Jake Ireland

Profile
- Position: Referee

Personal information
- Born: December 1, 1946 (age 78) Hamilton, Ontario

Career information
- College: McMaster University

Career history

Official
- 1979–2008: CFL Official
- Canadian Football Hall of Fame (Class of 2013)

= Jake Ireland =

Canadian football official

John "Jake" Ireland (born December 1, 1946) is a former referee in the Canadian Football League, who wore uniform number 62, and current lead replay official for the league's instant replay command centre.

==Life==
Ireland, from Townsend, Ontario, attended Burlington Central High School from 1960 to 1965. Ireland's father, Garnet Ireland, as well as his three brothers and a sister, also attended BCHS. While at Central, Ireland participated in basketball, cross-country running, and curling. He was also an active member of Student’s Council, and was proud to win a Mathematics Award in 1964.

While attending McMaster University, Ireland was contacted by a high school friend to begin officiating flag football for the newly created Burlington Minor Football Association. Soon after, Ireland was contacted to begin officiating for the Lakeshore Football Association, including refereeing games for the Burlington Braves Club. It was during a Braves game that Ireland was recruited by the Canadian Football League to begin his career with the CFL as a referee, a career that would find him participating in 555 games and refereeing in 15 Grey Cup games.

Although he retired from his full-time career with Stelco Inc. after 31 years, Ireland continued as an active CFL referee until the conclusion of the 2008 CFL season, his 30th. His final on-field game was the 96th Grey Cup.

On June 26, 2009, the CFL announced that Ireland is the lead replay official for the new Replay Command Centre that decides all instant replay decisions starting in the 2009 CFL season.

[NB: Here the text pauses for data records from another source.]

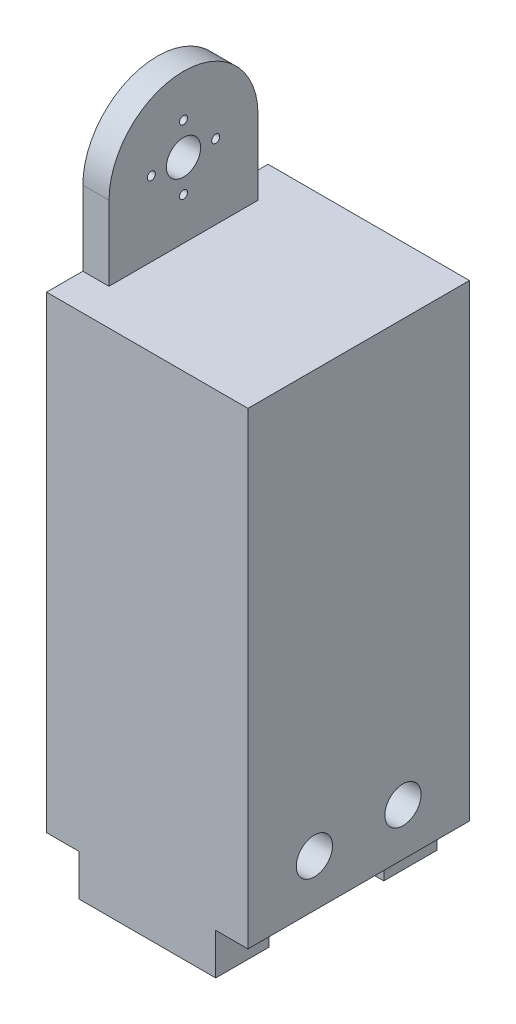
ISO-10303-21;
HEADER;
FILE_DESCRIPTION(('STEP AP214'),'2;1');
FILE_NAME('part.step','',(''),(''),'','','');
FILE_SCHEMA(('AUTOMOTIVE_DESIGN { 1 0 10303 214 1 1 1 1 }'));
ENDSEC;
DATA;
#1=APPLICATION_CONTEXT('core data for automotive mechanical design processes');
#2=APPLICATION_PROTOCOL_DEFINITION('international standard','automotive_design',2000,#1);
#3=PRODUCT_CONTEXT('',#1,'mechanical');
#4=PRODUCT('Part','Part','',(#3));
#5=PRODUCT_RELATED_PRODUCT_CATEGORY('part','',(#4));
#6=PRODUCT_DEFINITION_FORMATION('','',#4);
#7=PRODUCT_DEFINITION_CONTEXT('part definition',#1,'design');
#8=PRODUCT_DEFINITION('design','',#6,#7);
#9=PRODUCT_DEFINITION_SHAPE('','',#8);
#10=(LENGTH_UNIT() NAMED_UNIT(*) SI_UNIT(.MILLI.,.METRE.));
#11=(NAMED_UNIT(*) PLANE_ANGLE_UNIT() SI_UNIT($,.RADIAN.));
#12=(NAMED_UNIT(*) SI_UNIT($,.STERADIAN.) SOLID_ANGLE_UNIT());
#13=UNCERTAINTY_MEASURE_WITH_UNIT(LENGTH_MEASURE(1.E-05),#10,'distance_accuracy_value','');
#14=(GEOMETRIC_REPRESENTATION_CONTEXT(3) GLOBAL_UNCERTAINTY_ASSIGNED_CONTEXT((#13)) GLOBAL_UNIT_ASSIGNED_CONTEXT((#10,
#11,#12)) REPRESENTATION_CONTEXT('',''));
#15=CARTESIAN_POINT('',(0.,0.,0.));
#16=DIRECTION('',(0.,0.,1.));
#17=DIRECTION('',(1.,0.,0.));
#18=AXIS2_PLACEMENT_3D('',#15,#16,#17);
#19=CARTESIAN_POINT('',(-17.,-148.,-38.5));
#20=DIRECTION('',(-1.,0.,0.));
#21=DIRECTION('',(0.,1.,0.));
#22=AXIS2_PLACEMENT_3D('',#19,#20,#21);
#23=PLANE('',#22);
#24=CARTESIAN_POINT('',(-17.,-148.,-38.5));
#25=DIRECTION('',(1.,0.,0.));
#26=DIRECTION('',(0.,1.,0.));
#27=AXIS2_PLACEMENT_3D('',#24,#25,#26);
#28=CIRCLE('',#27,4.5);
#29=CARTESIAN_POINT('',(-17.,-151.112474899497,-41.75));
#30=VERTEX_POINT('',#29);
#31=CARTESIAN_POINT('',(-17.,-144.887525100503,-41.75));
#32=VERTEX_POINT('',#31);
#33=EDGE_CURVE('E1152',#30,#32,#28,.T.);
#34=ORIENTED_EDGE('',*,*,#33,.F.);
#35=DIRECTION('',(0.,1.,0.));
#36=VECTOR('',#35,1.);
#37=CARTESIAN_POINT('',(-17.,-169.75,-41.75));
#38=LINE('',#37,#36);
#39=EDGE_CURVE('E414',#30,#32,#38,.T.);
#40=ORIENTED_EDGE('',*,*,#39,.T.);
#41=EDGE_LOOP('',(#34,#40));
#42=FACE_BOUND('',#41,.T.);
#43=ADVANCED_FACE('F47',(#42),#23,.T.);
#44=CARTESIAN_POINT('',(-17.,-144.75,-41.6124748994972));
#45=VERTEX_POINT('',#44);
#46=CARTESIAN_POINT('',(-17.,-144.75,-35.3875251005028));
#47=VERTEX_POINT('',#46);
#48=EDGE_CURVE('E1153',#45,#47,#28,.T.);
#49=ORIENTED_EDGE('',*,*,#48,.F.);
#50=DIRECTION('',(0.,0.,1.));
#51=VECTOR('',#50,1.);
#52=CARTESIAN_POINT('',(-17.,-144.75,-55.));
#53=LINE('',#52,#51);
#54=EDGE_CURVE('E632',#45,#47,#53,.T.);
#55=ORIENTED_EDGE('',*,*,#54,.T.);
#56=EDGE_LOOP('',(#49,#55));
#57=FACE_BOUND('',#56,.T.);
#58=ADVANCED_FACE('F637',(#57),#23,.T.);
#59=CARTESIAN_POINT('',(-17.,-148.,-16.5));
#60=DIRECTION('',(-1.,0.,0.));
#61=DIRECTION('',(0.,1.,0.));
#62=AXIS2_PLACEMENT_3D('',#59,#60,#61);
#63=PLANE('',#62);
#64=CARTESIAN_POINT('',(-17.,-148.,-16.5));
#65=DIRECTION('',(1.,0.,0.));
#66=DIRECTION('',(0.,1.,0.));
#67=AXIS2_PLACEMENT_3D('',#64,#65,#66);
#68=CIRCLE('',#67,4.5);
#69=CARTESIAN_POINT('',(-17.,-144.75,-19.6124748994972));
#70=VERTEX_POINT('',#69);
#71=CARTESIAN_POINT('',(-17.,-144.75,-13.3875251005028));
#72=VERTEX_POINT('',#71);
#73=EDGE_CURVE('E463',#70,#72,#68,.T.);
#74=ORIENTED_EDGE('',*,*,#73,.F.);
#75=DIRECTION('',(0.,0.,1.));
#76=VECTOR('',#75,1.);
#77=CARTESIAN_POINT('',(-17.,-144.75,-55.));
#78=LINE('',#77,#76);
#79=EDGE_CURVE('E354',#70,#72,#78,.T.);
#80=ORIENTED_EDGE('',*,*,#79,.T.);
#81=EDGE_LOOP('',(#74,#80));
#82=FACE_BOUND('',#81,.T.);
#83=ADVANCED_FACE('F634',(#82),#63,.T.);
#84=CARTESIAN_POINT('',(-17.,-144.887525100503,-13.25));
#85=VERTEX_POINT('',#84);
#86=CARTESIAN_POINT('',(-17.,-151.112474899497,-13.25));
#87=VERTEX_POINT('',#86);
#88=EDGE_CURVE('E461',#85,#87,#68,.T.);
#89=ORIENTED_EDGE('',*,*,#88,.F.);
#90=DIRECTION('',(0.,1.,0.));
#91=VECTOR('',#90,1.);
#92=CARTESIAN_POINT('',(-17.,-169.75,-13.25));
#93=LINE('',#92,#91);
#94=EDGE_CURVE('E429',#87,#85,#93,.T.);
#95=ORIENTED_EDGE('',*,*,#94,.F.);
#96=EDGE_LOOP('',(#89,#95));
#97=FACE_BOUND('',#96,.T.);
#98=ADVANCED_FACE('F636',(#97),#63,.T.);
#99=CARTESIAN_POINT('',(17.,-148.,-38.5));
#100=DIRECTION('',(1.,0.,0.));
#101=DIRECTION('',(0.,1.,0.));
#102=AXIS2_PLACEMENT_3D('',#99,#100,#101);
#103=PLANE('',#102);
#104=DIRECTION('',(0.,1.,0.));
#105=VECTOR('',#104,1.);
#106=CARTESIAN_POINT('',(17.,-169.75,-41.75));
#107=LINE('',#106,#105);
#108=CARTESIAN_POINT('',(17.,-151.112474899497,-41.75));
#109=VERTEX_POINT('',#108);
#110=CARTESIAN_POINT('',(17.,-144.887525100503,-41.75));
#111=VERTEX_POINT('',#110);
#112=EDGE_CURVE('E407',#109,#111,#107,.T.);
#113=ORIENTED_EDGE('',*,*,#112,.F.);
#114=CARTESIAN_POINT('',(17.,-148.,-38.5));
#115=DIRECTION('',(1.,0.,0.));
#116=DIRECTION('',(0.,1.,0.));
#117=AXIS2_PLACEMENT_3D('',#114,#115,#116);
#118=CIRCLE('',#117,4.5);
#119=EDGE_CURVE('E253',#109,#111,#118,.T.);
#120=ORIENTED_EDGE('',*,*,#119,.T.);
#121=EDGE_LOOP('',(#113,#120));
#122=FACE_BOUND('',#121,.T.);
#123=ADVANCED_FACE('F578',(#122),#103,.T.);
#124=DIRECTION('',(0.,0.,1.));
#125=VECTOR('',#124,1.);
#126=CARTESIAN_POINT('',(17.,-144.75,-55.));
#127=LINE('',#126,#125);
#128=CARTESIAN_POINT('',(17.,-144.75,-41.6124748994972));
#129=VERTEX_POINT('',#128);
#130=CARTESIAN_POINT('',(17.,-144.75,-35.3875251005028));
#131=VERTEX_POINT('',#130);
#132=EDGE_CURVE('E240',#129,#131,#127,.T.);
#133=ORIENTED_EDGE('',*,*,#132,.F.);
#134=EDGE_CURVE('E250',#129,#131,#118,.T.);
#135=ORIENTED_EDGE('',*,*,#134,.T.);
#136=EDGE_LOOP('',(#133,#135));
#137=FACE_BOUND('',#136,.T.);
#138=ADVANCED_FACE('F259',(#137),#103,.T.);
#139=CARTESIAN_POINT('',(17.,-148.,-16.5));
#140=DIRECTION('',(1.,0.,0.));
#141=DIRECTION('',(0.,1.,0.));
#142=AXIS2_PLACEMENT_3D('',#139,#140,#141);
#143=PLANE('',#142);
#144=DIRECTION('',(0.,1.,0.));
#145=VECTOR('',#144,1.);
#146=CARTESIAN_POINT('',(17.,-169.75,-13.25));
#147=LINE('',#146,#145);
#148=CARTESIAN_POINT('',(17.,-151.112474899497,-13.25));
#149=VERTEX_POINT('',#148);
#150=CARTESIAN_POINT('',(17.,-144.887525100503,-13.25));
#151=VERTEX_POINT('',#150);
#152=EDGE_CURVE('E426',#149,#151,#147,.T.);
#153=ORIENTED_EDGE('',*,*,#152,.T.);
#154=CARTESIAN_POINT('',(17.,-148.,-16.5));
#155=DIRECTION('',(1.,0.,0.));
#156=DIRECTION('',(0.,1.,0.));
#157=AXIS2_PLACEMENT_3D('',#154,#155,#156);
#158=CIRCLE('',#157,4.5);
#159=EDGE_CURVE('E494',#151,#149,#158,.T.);
#160=ORIENTED_EDGE('',*,*,#159,.T.);
#161=EDGE_LOOP('',(#153,#160));
#162=FACE_BOUND('',#161,.T.);
#163=ADVANCED_FACE('F596',(#162),#143,.T.);
#164=DIRECTION('',(0.,0.,-1.));
#165=VECTOR('',#164,1.);
#166=CARTESIAN_POINT('',(17.,-144.75,-55.));
#167=LINE('',#166,#165);
#168=CARTESIAN_POINT('',(17.,-144.75,-13.3875251005028));
#169=VERTEX_POINT('',#168);
#170=CARTESIAN_POINT('',(17.,-144.75,-19.6124748994972));
#171=VERTEX_POINT('',#170);
#172=EDGE_CURVE('E361',#169,#171,#167,.T.);
#173=ORIENTED_EDGE('',*,*,#172,.T.);
#174=EDGE_CURVE('E495',#171,#169,#158,.T.);
#175=ORIENTED_EDGE('',*,*,#174,.T.);
#176=EDGE_LOOP('',(#173,#175));
#177=FACE_BOUND('',#176,.T.);
#178=ADVANCED_FACE('F654',(#177),#143,.T.);
#179=CARTESIAN_POINT('',(-18.5,0.,-55.));
#180=DIRECTION('',(-1.,0.,0.));
#181=DIRECTION('',(0.,-1.,0.));
#182=AXIS2_PLACEMENT_3D('',#179,#180,#181);
#183=PLANE('',#182);
#184=CARTESIAN_POINT('',(-18.5,-25.,-27.5));
#185=DIRECTION('',(1.,0.,0.));
#186=DIRECTION('',(0.,1.,0.));
#187=AXIS2_PLACEMENT_3D('',#184,#185,#186);
#188=CIRCLE('',#187,4.25);
#189=CARTESIAN_POINT('',(-18.5,-20.75,-27.5));
#190=VERTEX_POINT('',#189);
#191=EDGE_CURVE('E558',#190,#190,#188,.F.);
#192=ORIENTED_EDGE('',*,*,#191,.T.);
#193=EDGE_LOOP('',(#192));
#194=FACE_BOUND('',#193,.T.);
#195=CARTESIAN_POINT('',(-18.5,-24.9999999999999,-35.5000000000001));
#196=DIRECTION('',(1.,0.,0.));
#197=DIRECTION('',(0.,1.,0.));
#198=AXIS2_PLACEMENT_3D('',#195,#196,#197);
#199=CIRCLE('',#198,1.);
#200=CARTESIAN_POINT('',(-18.5,-23.9999999999999,-35.5000000000001));
#201=VERTEX_POINT('',#200);
#202=EDGE_CURVE('E554',#201,#201,#199,.F.);
#203=ORIENTED_EDGE('',*,*,#202,.T.);
#204=EDGE_LOOP('',(#203));
#205=FACE_BOUND('',#204,.T.);
#206=CARTESIAN_POINT('',(-18.5,-25.,-19.5000000000001));
#207=DIRECTION('',(1.,0.,0.));
#208=DIRECTION('',(0.,1.,0.));
#209=AXIS2_PLACEMENT_3D('',#206,#207,#208);
#210=CIRCLE('',#209,1.);
#211=CARTESIAN_POINT('',(-18.5,-24.,-19.5000000000001));
#212=VERTEX_POINT('',#211);
#213=EDGE_CURVE('E550',#212,#212,#210,.F.);
#214=ORIENTED_EDGE('',*,*,#213,.T.);
#215=EDGE_LOOP('',(#214));
#216=FACE_BOUND('',#215,.T.);
#217=CARTESIAN_POINT('',(-18.5,-33.,-27.5000000000002));
#218=DIRECTION('',(1.,0.,0.));
#219=DIRECTION('',(0.,1.,0.));
#220=AXIS2_PLACEMENT_3D('',#217,#218,#219);
#221=CIRCLE('',#220,1.);
#222=CARTESIAN_POINT('',(-18.5,-32.,-27.5000000000002));
#223=VERTEX_POINT('',#222);
#224=EDGE_CURVE('E546',#223,#223,#221,.F.);
#225=ORIENTED_EDGE('',*,*,#224,.T.);
#226=EDGE_LOOP('',(#225));
#227=FACE_BOUND('',#226,.T.);
#228=CARTESIAN_POINT('',(-18.5,-17.,-27.5));
#229=DIRECTION('',(1.,0.,0.));
#230=DIRECTION('',(0.,1.,0.));
#231=AXIS2_PLACEMENT_3D('',#228,#229,#230);
#232=CIRCLE('',#231,1.);
#233=CARTESIAN_POINT('',(-18.5,-16.,-27.5));
#234=VERTEX_POINT('',#233);
#235=EDGE_CURVE('E533',#234,#234,#232,.F.);
#236=ORIENTED_EDGE('',*,*,#235,.T.);
#237=EDGE_LOOP('',(#236));
#238=FACE_BOUND('',#237,.T.);
#239=DIRECTION('',(0.,-1.,0.));
#240=VECTOR('',#239,1.);
#241=CARTESIAN_POINT('',(-18.5,0.,-9.00000000000001));
#242=LINE('',#241,#240);
#243=CARTESIAN_POINT('',(-18.5,-25.,-9.00000000000001));
#244=VERTEX_POINT('',#243);
#245=CARTESIAN_POINT('',(-18.5,-43.5,-9.00000000000001));
#246=VERTEX_POINT('',#245);
#247=EDGE_CURVE('E506',#244,#246,#242,.T.);
#248=ORIENTED_EDGE('',*,*,#247,.T.);
#249=DIRECTION('',(0.,0.,1.));
#250=VECTOR('',#249,1.);
#251=CARTESIAN_POINT('',(-18.5,-43.5,-55.));
#252=LINE('',#251,#250);
#253=CARTESIAN_POINT('',(-18.5,-43.5,-46.));
#254=VERTEX_POINT('',#253);
#255=EDGE_CURVE('E317',#254,#246,#252,.T.);
#256=ORIENTED_EDGE('',*,*,#255,.F.);
#257=DIRECTION('',(0.,-1.,0.));
#258=VECTOR('',#257,1.);
#259=CARTESIAN_POINT('',(-18.5,0.,-46.));
#260=LINE('',#259,#258);
#261=CARTESIAN_POINT('',(-18.5,-25.,-46.));
#262=VERTEX_POINT('',#261);
#263=EDGE_CURVE('E522',#262,#254,#260,.T.);
#264=ORIENTED_EDGE('',*,*,#263,.F.);
#265=CARTESIAN_POINT('',(-18.5,-25.,-27.5));
#266=DIRECTION('',(1.,0.,0.));
#267=DIRECTION('',(0.,1.,0.));
#268=AXIS2_PLACEMENT_3D('',#265,#266,#267);
#269=CIRCLE('',#268,18.5);
#270=EDGE_CURVE('E501',#262,#244,#269,.T.);
#271=ORIENTED_EDGE('',*,*,#270,.T.);
#272=EDGE_LOOP('',(#248,#256,#264,#271));
#273=FACE_BOUND('',#272,.T.);
#274=ADVANCED_FACE('F700',(#194,#205,#216,#227,#238,#273),#183,.F.);
#275=CARTESIAN_POINT('',(0.,0.,-55.));
#276=DIRECTION('',(0.,0.,1.));
#277=DIRECTION('',(1.,0.,0.));
#278=AXIS2_PLACEMENT_3D('',#275,#276,#277);
#279=PLANE('',#278);
#280=DIRECTION('',(0.,-1.,0.));
#281=VECTOR('',#280,1.);
#282=CARTESIAN_POINT('',(-25.,0.,-55.));
#283=LINE('',#282,#281);
#284=CARTESIAN_POINT('',(-25.,-43.5,-55.));
#285=VERTEX_POINT('',#284);
#286=CARTESIAN_POINT('',(-25.,-159.75,-55.));
#287=VERTEX_POINT('',#286);
#288=EDGE_CURVE('E57',#285,#287,#283,.T.);
#289=ORIENTED_EDGE('',*,*,#288,.F.);
#290=DIRECTION('',(-1.,0.,0.));
#291=VECTOR('',#290,1.);
#292=CARTESIAN_POINT('',(0.,-43.5,-55.));
#293=LINE('',#292,#291);
#294=CARTESIAN_POINT('',(25.,-43.5,-55.));
#295=VERTEX_POINT('',#294);
#296=EDGE_CURVE('E325',#295,#285,#293,.T.);
#297=ORIENTED_EDGE('',*,*,#296,.F.);
#298=DIRECTION('',(0.,1.,0.));
#299=VECTOR('',#298,1.);
#300=CARTESIAN_POINT('',(25.,0.,-55.));
#301=LINE('',#300,#299);
#302=CARTESIAN_POINT('',(25.,-159.75,-55.));
#303=VERTEX_POINT('',#302);
#304=EDGE_CURVE('E11',#303,#295,#301,.T.);
#305=ORIENTED_EDGE('',*,*,#304,.F.);
#306=DIRECTION('',(1.,0.,0.));
#307=VECTOR('',#306,1.);
#308=CARTESIAN_POINT('',(17.,-159.75,-55.));
#309=LINE('',#308,#307);
#310=CARTESIAN_POINT('',(17.,-159.75,-55.));
#311=VERTEX_POINT('',#310);
#312=EDGE_CURVE('E402',#311,#303,#309,.T.);
#313=ORIENTED_EDGE('',*,*,#312,.F.);
#314=DIRECTION('',(0.,1.,0.));
#315=VECTOR('',#314,1.);
#316=CARTESIAN_POINT('',(17.,-169.75,-55.));
#317=LINE('',#316,#315);
#318=CARTESIAN_POINT('',(17.,-170.,-55.));
#319=VERTEX_POINT('',#318);
#320=EDGE_CURVE('E390',#319,#311,#317,.T.);
#321=ORIENTED_EDGE('',*,*,#320,.F.);
#322=DIRECTION('',(1.,0.,0.));
#323=VECTOR('',#322,1.);
#324=CARTESIAN_POINT('',(0.,-170.,-55.));
#325=LINE('',#324,#323);
#326=CARTESIAN_POINT('',(-17.,-170.,-55.));
#327=VERTEX_POINT('',#326);
#328=EDGE_CURVE('E316',#327,#319,#325,.T.);
#329=ORIENTED_EDGE('',*,*,#328,.F.);
#330=DIRECTION('',(0.,1.,0.));
#331=VECTOR('',#330,1.);
#332=CARTESIAN_POINT('',(-17.,-169.75,-55.));
#333=LINE('',#332,#331);
#334=CARTESIAN_POINT('',(-17.,-159.75,-55.));
#335=VERTEX_POINT('',#334);
#336=EDGE_CURVE('E366',#327,#335,#333,.T.);
#337=ORIENTED_EDGE('',*,*,#336,.T.);
#338=DIRECTION('',(-1.,0.,0.));
#339=VECTOR('',#338,1.);
#340=CARTESIAN_POINT('',(-17.,-159.75,-55.));
#341=LINE('',#340,#339);
#342=EDGE_CURVE('E383',#335,#287,#341,.T.);
#343=ORIENTED_EDGE('',*,*,#342,.T.);
#344=EDGE_LOOP('',(#289,#297,#305,#313,#321,#329,#337,#343));
#345=FACE_BOUND('',#344,.T.);
#346=ADVANCED_FACE('F697',(#345),#279,.F.);
#347=CARTESIAN_POINT('',(0.,0.,0.));
#348=DIRECTION('',(0.,0.,1.));
#349=DIRECTION('',(1.,0.,0.));
#350=AXIS2_PLACEMENT_3D('',#347,#348,#349);
#351=PLANE('',#350);
#352=DIRECTION('',(-1.,0.,0.));
#353=VECTOR('',#352,1.);
#354=CARTESIAN_POINT('',(0.,-43.5,0.));
#355=LINE('',#354,#353);
#356=CARTESIAN_POINT('',(25.,-43.5,0.));
#357=VERTEX_POINT('',#356);
#358=CARTESIAN_POINT('',(-25.,-43.5,0.));
#359=VERTEX_POINT('',#358);
#360=EDGE_CURVE('E300',#357,#359,#355,.T.);
#361=ORIENTED_EDGE('',*,*,#360,.T.);
#362=DIRECTION('',(0.,-1.,0.));
#363=VECTOR('',#362,1.);
#364=CARTESIAN_POINT('',(-25.,0.,0.));
#365=LINE('',#364,#363);
#366=CARTESIAN_POINT('',(-25.,-159.75,0.));
#367=VERTEX_POINT('',#366);
#368=EDGE_CURVE('E292',#359,#367,#365,.T.);
#369=ORIENTED_EDGE('',*,*,#368,.T.);
#370=DIRECTION('',(-1.,0.,0.));
#371=VECTOR('',#370,1.);
#372=CARTESIAN_POINT('',(-17.,-159.75,0.));
#373=LINE('',#372,#371);
#374=CARTESIAN_POINT('',(-17.,-159.75,0.));
#375=VERTEX_POINT('',#374);
#376=EDGE_CURVE('E378',#375,#367,#373,.T.);
#377=ORIENTED_EDGE('',*,*,#376,.F.);
#378=DIRECTION('',(0.,-1.,0.));
#379=VECTOR('',#378,1.);
#380=CARTESIAN_POINT('',(-17.,-169.75,0.));
#381=LINE('',#380,#379);
#382=CARTESIAN_POINT('',(-17.,-170.,0.));
#383=VERTEX_POINT('',#382);
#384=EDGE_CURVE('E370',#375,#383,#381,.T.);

On February 21, 2013 the Canadian Football Hall of Fame announced that Ireland would be inducted into the Hall in September at a ceremony in Edmonton.

==Highlights==

- June 12, 1979 First CFL game as an official (Ottawa vs. Montreal)
- Total Games Officiated: 555
- Grey Cup Games: 15 (12 as referee)
- 1976 Most Improved Official — Lakeshore Football Officials Association
- 1979 Officiated in the National Junior Football Championship
- 2003 Wall of Fame — Lakeshore Football Officials Association
- 1985–1988 Selected as Head Referee in four consecutive Grey Cup games
- 2013 Inducted into the Canadian Football Hall of Fame.